Now all I can do is replay all the nasty parts in my brain. Mind movies are on full tilt. Crying my brains out. Want to kill OM. Angry hurt. All this over nothing big. But I cant help it. Hurts so fucking much. Maybe it's my ADHD ruling my brain, but I cant stop the obsession.
Hang in there. Obsession is normal. My only advice is to try to anticipate possible triggers in the future and speak up for yourself. Something like, "you know what... I'm not sure if you realize this is our only night together this week, but since it is, I really need you to choose me over your coworkers tonight."
And in the meantime - tell her what you're feeling. It's not her fault - you did say SHE could pick, but tell her it hurt you that she picked coworkers over you. One of the things my husband often told me when *I* was the WS was that I never gave him the chance to help me feel better. Give her a chance, tell her your needs, and hopefully she'll step up to the plate.
I will never stop trying... because when you find 'the one' you never give up. (Cal Weaver)
I got hit by a really big trigger about a week ago and 7 days down the line and I am STILL reeling from it. Twice this week I have lay on my bed and cried my eyes out and I hadn't done that for at least 6 - 8 weeks. Mind movies are back in full force too. Come on! I'm more than 8 months out! What's wrong with me??
I guess we are just normal... I have read others on here saying that they were still deeply triggered and hurt and upset a year out... I think it goes with the territory unfortunately.
Hang in there! Know you are not alone.
There's something that goes along with being a BS where you want your WS to be a total mind reader.

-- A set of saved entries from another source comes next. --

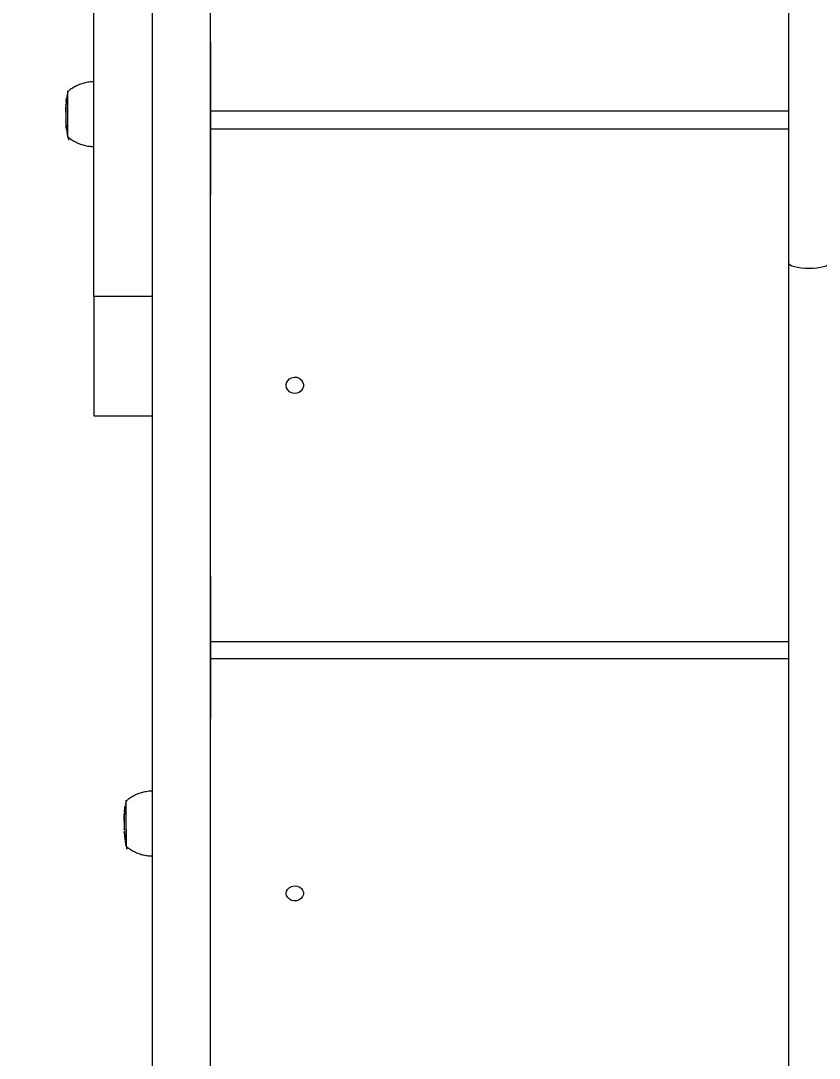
# Model space of a CAD drawing. Header units: millimetres. Extents: x -6431 to 4834, y -6422 to 4807.
# Drawn here: x 2424.9 to 2794.5, y -2057.1 to -1576.9 of the extents above; entities that cross this region are included whole.
import ezdxf

# ---------------------------------------------------------------- set-up
doc = ezdxf.new("R2010")
doc.units = ezdxf.units.MM
for name, color, linetype in [('DIKOM_ОБЪЕКТ', 7, 'Continuous'), ('DIKOM_РАЗМЕР_ЗОНА', 7, 'Continuous'), ('DIKOM_РАЗМЕР_ОБЪЕКТА', 7, 'Continuous')]:
    doc.layers.add(name, color=color, linetype=linetype)
doc.styles.add('style1', font='arial.ttf', dxfattribs={"width": 0.8})
doc.dimstyles.new('1-50', dxfattribs={"dimtxt": 300, "dimasz": 200, "dimexe": 100, "dimexo": 0, "dimgap": 100, "dimtad": 0, "dimdec": 0, "dimtxsty": 'style1', "dimcen": 0, "dimclrd": 7, "dimclre": 7, "dimadec": 1, "dimazin": 2, "dimtfac": 1, "dimtdec": 0, "dimtmove": 1, "dimatfit": 3, "dimfxl": 0, "dimlwd": 25, "dimlwe": 18, "dimarcsym": 0})

# ---------------------------------------------------------------- blocks, each defined once
blk = doc.blocks.new('*D13')
at = {"layer": 'Defpoints', "color": 0, "transparency": 16777216}
for p in [(-3965.6, 378.37), (3334.4, -1220.38), (3334.4, -3843.38)]:
    blk.add_point(p, dxfattribs=at)
at = {"layer": 'DIKOM_РАЗМЕР_ОБЪЕКТА', "color": 7, "lineweight": 18, "transparency": 16777216}
for p, q in [((-3965.6, 378.37), (-3965.6, -3943.38)), ((3334.4, -1220.38), (3334.4, -3943.38))]:
    blk.add_line(p, q, dxfattribs=at)
at = {"layer": 'DIKOM_РАЗМЕР_ОБЪЕКТА', "color": 7, "lineweight": 25, "transparency": 16777216}
for p, q in [((-3765.6, -3843.38), (-182.11, -3843.38)), ((3134.4, -3843.38), (731.83, -3843.38))]:
    blk.add_line(p, q, dxfattribs=at)
at = {"layer": 'DIKOM_РАЗМЕР_ОБЪЕКТА', "color": 7, "transparency": 16777216}
for points in [[(-3765.6, -3810.04), (-3765.6, -3876.71), (-3965.6, -3843.38)], [(3134.4, -3810.04), (3134.4, -3876.71), (3334.4, -3843.38)]]:
    blk.add_solid(points, dxfattribs=at)
at = {"layer": 'DIKOM_РАЗМЕР_ОБЪЕКТА', "color": 0, "transparency": 16777216, "insert": (274.86, -3843.38), "char_height": 300, "attachment_point": 5, "style": 'style1'}
blk.add_mtext('7300', dxfattribs=at)
blk = doc.blocks.new('*D16')
at = {"layer": 'Defpoints', "color": 0, "transparency": 16777216}
for p in [(-5966.57, 409.56), (4834.4, -963.9), (4834.4, -6224.88)]:
    blk.add_point(p, dxfattribs=at)
at = {"layer": 'DIKOM_РАЗМЕР_ЗОНА', "color": 7, "lineweight": 18, "transparency": 16777216}
for p, q in [((-5966.57, 409.56), (-5966.57, -6324.88)), ((4834.4, -963.9), (4834.4, -6324.88))]:
    blk.add_line(p, q, dxfattribs=at)
at = {"layer": 'DIKOM_РАЗМЕР_ЗОНА', "color": 7, "lineweight": 25, "transparency": 16777216}
for p, q in [((-5766.57, -6224.88), (924.42, -6224.88)), ((4634.4, -6224.88), (2004.2, -6224.88))]:
    blk.add_line(p, q, dxfattribs=at)
at = {"layer": 'DIKOM_РАЗМЕР_ЗОНА', "color": 7, "transparency": 16777216}
for points in [[(-5766.57, -6191.54), (-5766.57, -6258.21), (-5966.57, -6224.88)], [(4634.4, -6191.54), (4634.4, -6258.21), (4834.4, -6224.88)]]:
    blk.add_solid(points, dxfattribs=at)
at = {"layer": 'DIKOM_РАЗМЕР_ЗОНА', "color": 0, "transparency": 16777216, "insert": (1464.31, -6224.88), "char_height": 300, "attachment_point": 5, "style": 'style1'}
blk.add_mtext('10800', dxfattribs=at)

msp = doc.modelspace()

# ---------------------------------------------------------------- linework, layer by layer
at = {"layer": 'DIKOM_ОБЪЕКТ', "color": 7, "linetype": 'Continuous', "lineweight": 15}
for p, q in [((2512.71, -1586.82), (2512.71, -1618.56)), ((2445.95, -1613.91), (2446.03, -1613.28)), ((2446.07, -1612.89), (2445.97, -1614.03)), ((2445.71, -1616.75), (2445.7, -1616.76)), ((2445.73, -1616.3), (2445.73, -1616.3)), ((2445.74, -1616.07), (2445.74, -1616.15)), ((2445.87, -1614.56), (2445.81, -1615.21)), ((2445.92, -1614.49), (2445.84, -1614.95)), ((2445.88, -1614.54), (2445.91, -1614.27)), ((2445.66, -1619.2), (2445.66, -1619.08)), ((2445.66, -1620.67), (2445.66, -1620.84)), ((2445.66, -1621.95), (2445.67, -1622.05)), ((2445.67, -1622.05), (2445.67, -1622.05)), ((2445.67, -1622.17), (2445.67, -1622.36)), ((2445.69, -1622.96), (2445.68, -1622.8)), ((2512.71, -1618.56), (2512.71, -1627.11)), ((2512.71, -1618.56), (2780.21, -1618.56)), ((2445.71, -1623.63), (2445.73, -1623.77)), ((2445.75, -1624.22), (2445.74, -1624.09)), ((2446.01, -1626.84), (2446.2, -1628.16)), ((2446.04, -1627.24), (2446.05, -1627.29)), ((2446.05, -1627.29), (2446.05, -1627.29)), ((2446.12, -1627.79), (2446.11, -1627.7)), ((2512.71, -1627.11), (2512.71, -1657.45)), ((2780.21, -1627.11), (2512.71, -1627.11)), ((2512.71, -1818.98), (2512.71, -1672.94)), ((2485.71, -1704.57), (2458.71, -1704.57)), ((2458.71, -1704.57), (2458.71, -1759.75)), ((2458.71, -1759.75), (2485.71, -1759.75)), ((2512.71, -1833.84), (2512.71, -1864.18)), ((2512.71, -1864.18), (2512.71, -1872.31)), ((2512.71, -1864.18), (2780.21, -1864.18)), ((2512.71, -1872.31), (2512.71, -1900.09)), ((2780.21, -1872.31), (2512.71, -1872.31)), ((2512.71, -2048.13), (2512.71, -1914.47)), ((2473.71, -1951.19), (2473.71, -1937.69)), ((2473.71, -1951.11), (2473.71, -1937.99)), ((2472.79, -1943.79), (2472.78, -1943.9)), ((2472.92, -1943.19), (2472.82, -1943.39)), ((2472.82, -1943.39), (2472.82, -1943.41)), ((2472.86, -1942.99), (2472.91, -1942.85)), ((2472.93, -1942.82), (2472.93, -1942.82)), ((2472.95, -1942.49), (2473.05, -1941.44)), ((2473.06, -1941.45), (2472.97, -1942.75)), ((2473.09, -1941.04), (2473.09, -1941.05)), ((2472.66, -1949.22), (2472.66, -1949.35)), ((2472.69, -1951.46), (2472.68, -1951.22)), ((2472.72, -1952.06), (2472.73, -1952.25)), ((2472.75, -1952.69), (2472.75, -1952.53)), ((2472.77, -1952.73), (2472.81, -1953.48)), ((2473.71, -1958.99), (2473.71, -1951.11)), ((2473.71, -1951.19), (2473.71, -1959.28)), ((2512.71, -2052.67), (2512.71, -2048.13))]:
    msp.add_line(p, q, dxfattribs=at)
at = {"layer": 'DIKOM_ОБЪЕКТ', "color": 7, "linetype": 'Continuous', "lineweight": 15, "flags": 128}
for points in [[(2485.71, -1563.25), (2485.71, -1584.98), (2485.71, -1606.65), (2485.71, -1628.24), (2485.71, -1649.76), (2485.71, -1671.19), (2485.71, -1692.54), (2485.71, -1713.79), (2485.71, -1734.94), (2485.71, -1755.99), (2485.71, -1776.92), (2485.71, -1797.73), (2485.71, -1818.43), (2485.71, -1838.99), (2485.71, -1859.43), (2485.71, -1879.72), (2485.71, -1899.87), (2485.71, -1919.87), (2485.71, -1939.72), (2485.71, -1959.41), (2485.71, -1978.93), (2485.71, -1998.28), (2485.71, -2017.46), (2485.71, -2036.45), (2485.71, -2055.26), (2485.71, -2073.89)], [(2512.71, -2073.89), (2512.71, -2055.26), (2512.71, -2036.45), (2512.71, -2017.46), (2512.71, -1998.28), (2512.71, -1978.93), (2512.71, -1959.41), (2512.71, -1939.72), (2512.71, -1919.87), (2512.71, -1899.87), (2512.71, -1879.72), (2512.71, -1859.43), (2512.71, -1838.99), (2512.71, -1818.43), (2512.71, -1797.73), (2512.71, -1776.92), (2512.71, -1755.99), (2512.71, -1734.94), (2512.71, -1713.79), (2512.71, -1692.54), (2512.71, -1671.19), (2512.71, -1649.76), (2512.71, -1628.24), (2512.71, -1606.65), (2512.71, -1584.98), (2512.71, -1563.25)], [(2458.71, -1704.57), (2458.71, -1696.46), (2458.71, -1688.27), (2458.71, -1680.01), (2458.71, -1671.69), (2458.71, -1663.33), (2458.71, -1654.94), (2458.71, -1646.53), (2458.71, -1638.13), (2458.71, -1629.76), (2458.71, -1621.41), (2458.71, -1613.12), (2458.71, -1604.89), (2458.71, -1596.75), (2458.71, -1588.69), (2458.71, -1580.76), (2458.71, -1572.94)], [(2446.71, -1621.42), (2446.71, -1619.43), (2446.71, -1617.46), (2446.71, -1615.58), (2446.71, -1613.86), (2446.71, -1612.35), (2446.71, -1611.11), (2446.71, -1610.18), (2446.71, -1609.58), (2446.71, -1609.34), (2446.71, -1609.48), (2446.71, -1609.64)], [(2446.71, -1621.38), (2446.71, -1619.45), (2446.71, -1617.53), (2446.71, -1615.71), (2446.71, -1614.04), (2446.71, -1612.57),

You need to tell your WS what you need to R.
I figured she know better
Gently, hon, but this is P/A behavior. You should have told her you would be hurt by this if she did it. Then, if she went anyway, it's all on her.
R is hard work. She may not be up to it in the long run, but you need to assert your requiements; she can't read your mind.
Me: FBS (no longer betrayed nor a spouse)-62
D-day: 2007 (two years before finding SI)
S: 6/2010; D: 3/2011
She may actually think it is all okay to go out...think nothing of it really. As a BS this is not possible...but I have come to realize by projecting myself onto my wife I make very wrong assumptions...which lead to very wrong decisions.
I am new at this. Hope this helps.
We have to get away from thinking about SHOULDS and deal honestly and openly wiht the realities of our unique situations.
God be with us all.
We are in R.
What you're going through is perfectly normal. It sounds as though your WW may not be on the same page as you with respect to appropriate behaviors that are helpful for R.
However, I also believe that you should be very explicit with her instead of implying that she should pick you. That is, if you don't feel comfortable with her going out drinking, I would recommend explicitly stating that, and tell her that you feel uncomfortable with her doing that at this point in R (which I'm guessing is still relatively new, especially if her 'going out' was a part of her A). If she doesn't respect your concerns, then that says a lot about her commitment to R.
My WW and I like to go out whenever we can. However, the difference now is that we try to go out together, whenever possible. If not, I may go with a couple friends to a familiar bar or something, or she'll go with a familiar friend to a bar for drinks. However, our primary goal when going out is to try to go out together, which is usually the case 90% of the time we're going out.
Going out can be a great time, and help ease tensions, feelings, etc., so I don't ever recommend against it. However, I think it can be done in a way that is supportive and 'safe' for both people.
In short, next time you feel uncomfortable with your WW going out with coworkers, I would express this. However, I would express it WAY prior to the fact (like, say, tomorrow?) so that it doesn't seem as though you are reacting to her decision to go out, and instead, and bringing up a real concern of yours. That way, she has time to think about it and process what you're expressing, and not while she is, say, putting on her make-up to go out in an hour or two, if that makes sense?
Best of luck!
I'm not happy where we are. I feel like I'm back in month one. Lost I've the pain of disbelief. Questioning everything all over again. that there is no way this is real. Wishing that I would just wake up from the nightmare.
I feel so alone. I still can't believe this has happened.